Derek gritó mientras era arrojado fuera del edificio, cargado sobre el hombro de Baby como un saco.

Nadie lo detuvo, a pesar de los muchos testigos de esta humillación.

Peor aún, algunos incluso se rieron del espectáculo.

—¿Qué demonios…

—se burló Derek, aterrizando en el concreto fuera del edificio.

Miró con furia al hombre gigantesco, que todavía llevaba puesto un delantal rosa.

—¡Tú!

—Se obligó a levantarse, haciendo una mueca por el dolor creciente en su espinilla.

Derek levantó la barbilla, señalando a Baby, quien estaba frente a él como una montaña.

—Tú…

—Su respiración se entrecortó nuevamente, su dedo temblando ante el gigante inmóvil.

Su boca se abría y cerraba, pero todo lo que salía era un quebrado “tú”.

Su mente estaba llena de cosas para decir, pero su boca no le permitía expresarlas en voz alta.

Era como si su cuerpo rechazara su voluntad como parte de su supervivencia.

Al ver que más personas desde dentro del edificio los miraban, Derek tragó la tensión en su garganta y reunió el poco valor que tenía.

No había manera de que este oso con piel humana realmente lo golpeara frente a testigos, ¿verdad?

—Oye, ¿qué crees que estás haciendo?

¿Sabes quién soy yo?

—ladró Derek—.

¿Por qué estás dentro del lugar de mi abuelo…

¡no!

Quiero decir, ¿no tienes miedo de las consecuencias…

¡CRACK!

Derek casi se ahogó con sus palabras cuando la espátula de madera en la mano de Baby se partió por la mitad.

Sus ojos se agrandaron mientras Baby miraba lentamente el utensilio roto.

Las dos mitades cayeron al suelo, y cuando Baby abrió su mano, ¡la madera restante se había convertido en polvo!

Derek jadeó, palideciendo.

¿Ese tipo realmente había partido una espátula por la mitad con una sola mano?

La mirada de Baby pasó de la espátula destruida a Derek, y por alguna razón, se posó en la pierna de Derek, haciendo que este instintivamente la escondiera.

—¿Qué consecuencias?

—salió la voz profunda y monstruosa de Baby, como algo salido directamente del noveno círculo del infierno.

Sin embargo, encajaba perfectamente con su físico.

—Co…

con…

las…

—tartamudeó Derek, retrocediendo.

Cuando finalmente puso suficiente distancia entre ellos, gritó:
— ¡Te arrepentirás de esto!

¡No sabes a quién acabas de ofender!

¡Recuerda mis palabras!

Sin esperar un segundo más, llamó a un taxi y saltó dentro.

El taxi desapareció casi instantáneamente.

Baby lo miró confundido.

Los espectadores estaban igualmente desconcertados, con las cabezas ladeadas en silenciosos signos de interrogación.

Todo lo que podían hacer era ver cómo el taxi se alejaba como si estuviera en alguna misión urgente.

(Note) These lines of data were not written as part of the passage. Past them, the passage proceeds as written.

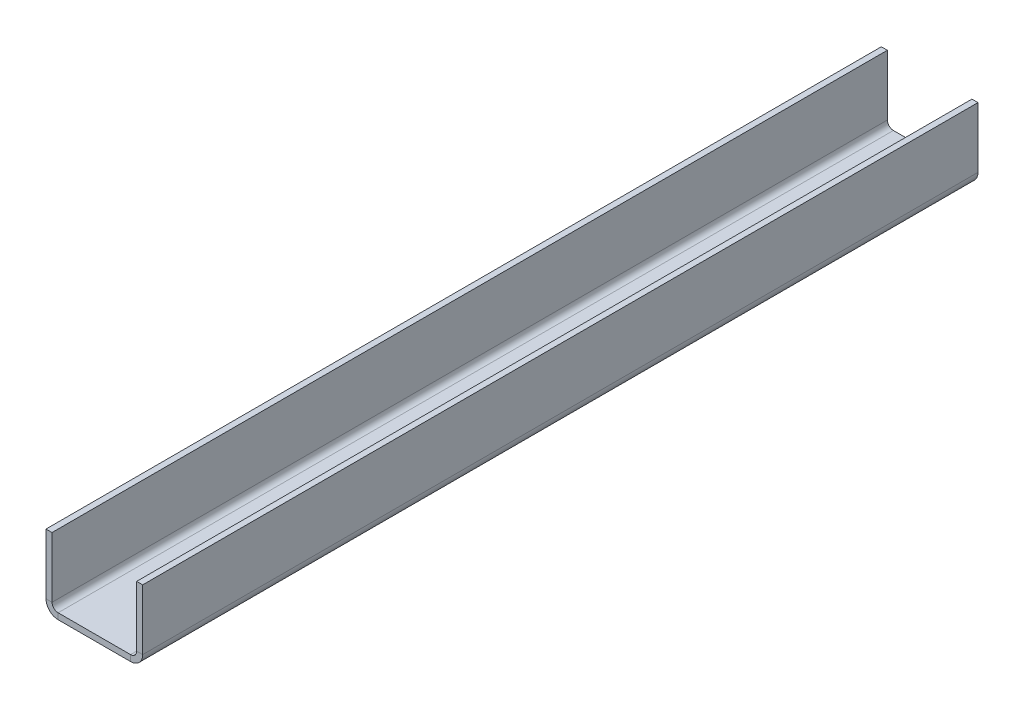
from build123d import *

# Parameters (mm, degrees)
BASE_FLANGE1_DEPTH = 438.912


# Sheet-metal steps are written as plain solids
with BuildPart() as part:
    # Sketch1 → Base-Flange1 (new body)
    with BuildSketch(Plane.XY):
        with BuildLine():
            Line((50.8, 38.1), (50.8, 6.35))
            ThreePointArc((50.8, 6.35), (48.940128061, 1.859871939), (44.45, 0))
            Line((44.45, 0), (6.35, 0))
            ThreePointArc((6.35, 0), (1.859871939, 1.859871939), (0, 6.35))
            Line((0, 6.35), (0, 38.1))
            Line((0, 38.1), (3.175, 38.1))
            Line((3.175, 38.1), (3.175, 6.35))
            ThreePointArc((3.175, 6.35), (4.10493597, 4.10493597), (6.35, 3.175))
            Line((6.35, 3.175), (44.45, 3.175))
            ThreePointArc((44.45, 3.175), (46.69506403, 4.10493597), (47.625, 6.35))
            Line((47.625, 6.35), (47.625, 38.1))
            Line((47.625, 38.1), (50.8, 38.1))
        make_face()
    extrude(amount=BASE_FLANGE1_DEPTH)


solid = part.part
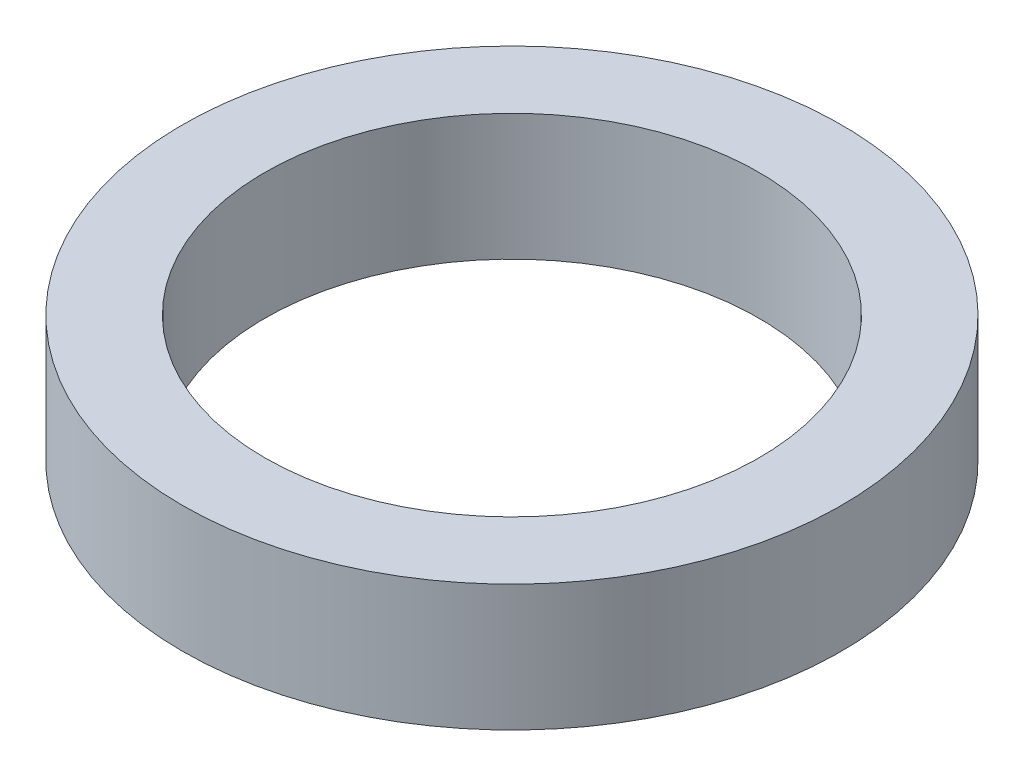
from build123d import *

# Parameters (mm, degrees)
SKETCH1_R           = 60
BOSS_EXTRUDE1_DEPTH = 23
SKETCH2_R           = 45
CUT_EXTRUDE1_DEPTH  = 88.914731416


with BuildPart() as part:
    # Sketch1 → Boss-Extrude1 (new body)
    with BuildSketch(Plane(origin=(0, 0, 0), x_dir=(1, 0, 0), z_dir=(0, 1, 0))):
        Circle(SKETCH1_R)
    extrude(amount=BOSS_EXTRUDE1_DEPTH)

    # Sketch2 → Cut-Extrude1 (cut, through all)
    with BuildSketch(Plane(origin=(0, 0, 0), x_dir=(1, 0, 0), z_dir=(0, 1, 0))):
        Circle(SKETCH2_R)
    extrude(amount=CUT_EXTRUDE1_DEPTH, mode=Mode.SUBTRACT)


solid = part.part
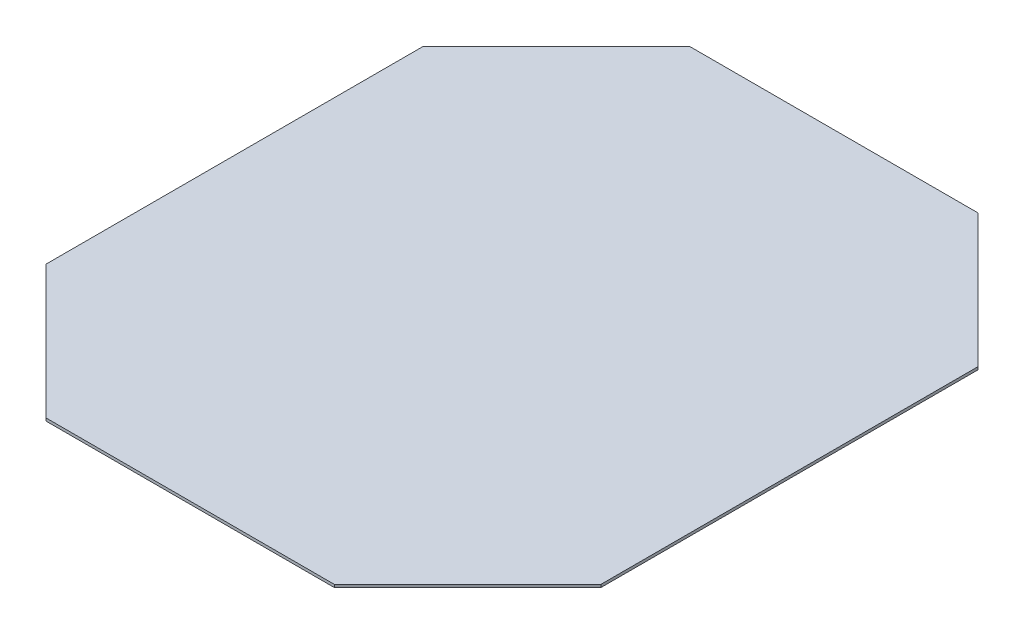
from build123d import *

# Parameters (mm, degrees)
SKETCH1_W           = 635
SKETCH1_H           = 736.6
BASE_DEPTH          = 3.175
MODULE_CUTOUT_DEPTH = 487.272784171


with BuildPart() as part:
    # Sketch1 → Base (new body)
    with BuildSketch(Plane(origin=(0, 0, 0), x_dir=(1, 0, 0), z_dir=(0, 1, 0))):
        Rectangle(SKETCH1_W, SKETCH1_H)
    extrude(amount=BASE_DEPTH)

    # Sketch2 → Module Cutout (cut, through all)
    with BuildSketch(Plane(origin=(0, 0, 0), x_dir=(-1, 0, 0), z_dir=(0, -1, 0))):
        Polygon((-317.5, 215.9), (-165.1, 368.3), (-317.5, 368.3), align=None)
        Polygon((165.1, 368.3), (317.5, 215.9), (317.5, 368.3), align=None)
        Polygon((317.5, -215.9), (165.1, -368.3), (317.5, -368.3), align=None)
        Polygon((-317.5, -215.9), (-165.1, -368.3), (-317.5, -368.3), align=None)
    extrude(amount=-MODULE_CUTOUT_DEPTH, mode=Mode.SUBTRACT)


solid = part.part

Mientras tanto, el grupo de tías convenientemente ubicadas en el vestíbulo sacudieron sus cabezas.

—Jaja.

¿Qué le pasa a ese tipo?

—se rió una—.

Baby suele ser tan amable y gentil.

—Tienes razón.

Siempre nos da aperitivos y galletas —asintió otra—.

Se lo merece.

—Sonaba tan arrogante.

¿No vieron cómo salió corriendo?

—resopló otra—.

Patético.

—Baby, ¿estás bien?

—una de las tías salió preocupada—.

¿Ese tipo te lastimó?

Todos los ojos estaban sobre él.

Baby suspiró, negó con la cabeza y dijo sin emoción:
— Aunque me asustó.

—Aww…

*****
Momentos después, en el ático, Atlas estaba sentado casualmente en el sofá mientras sus hijos gateaban hacia él.

Slater los seguía de cerca, inclinándose lo suficiente como para ser sofocante.

—Padre Señor, ¿sabes…

—Second le susurró al oído, zumbando como una pequeña abeja, antes de que Chacha se abriera paso con el codo para informar después.

Slater, al otro lado, añadió su propio flujo de «primero esto, luego aquello», zumbando como otra mosca en su otro oído.

El rostro de Atlas permaneció impasible, estoico.

Escuchaba, aunque todo lo que parecía oír era un zumbido y un incomprensible «esto y aquello».

De una cosa estaba seguro: hablaban de alguien.

Lola, apresurándose a casa por llegar tarde, se detuvo en la sala.

Sus pasos vacilaron cuando vio a Atlas desviando lentamente su mirada muerta hacia ella.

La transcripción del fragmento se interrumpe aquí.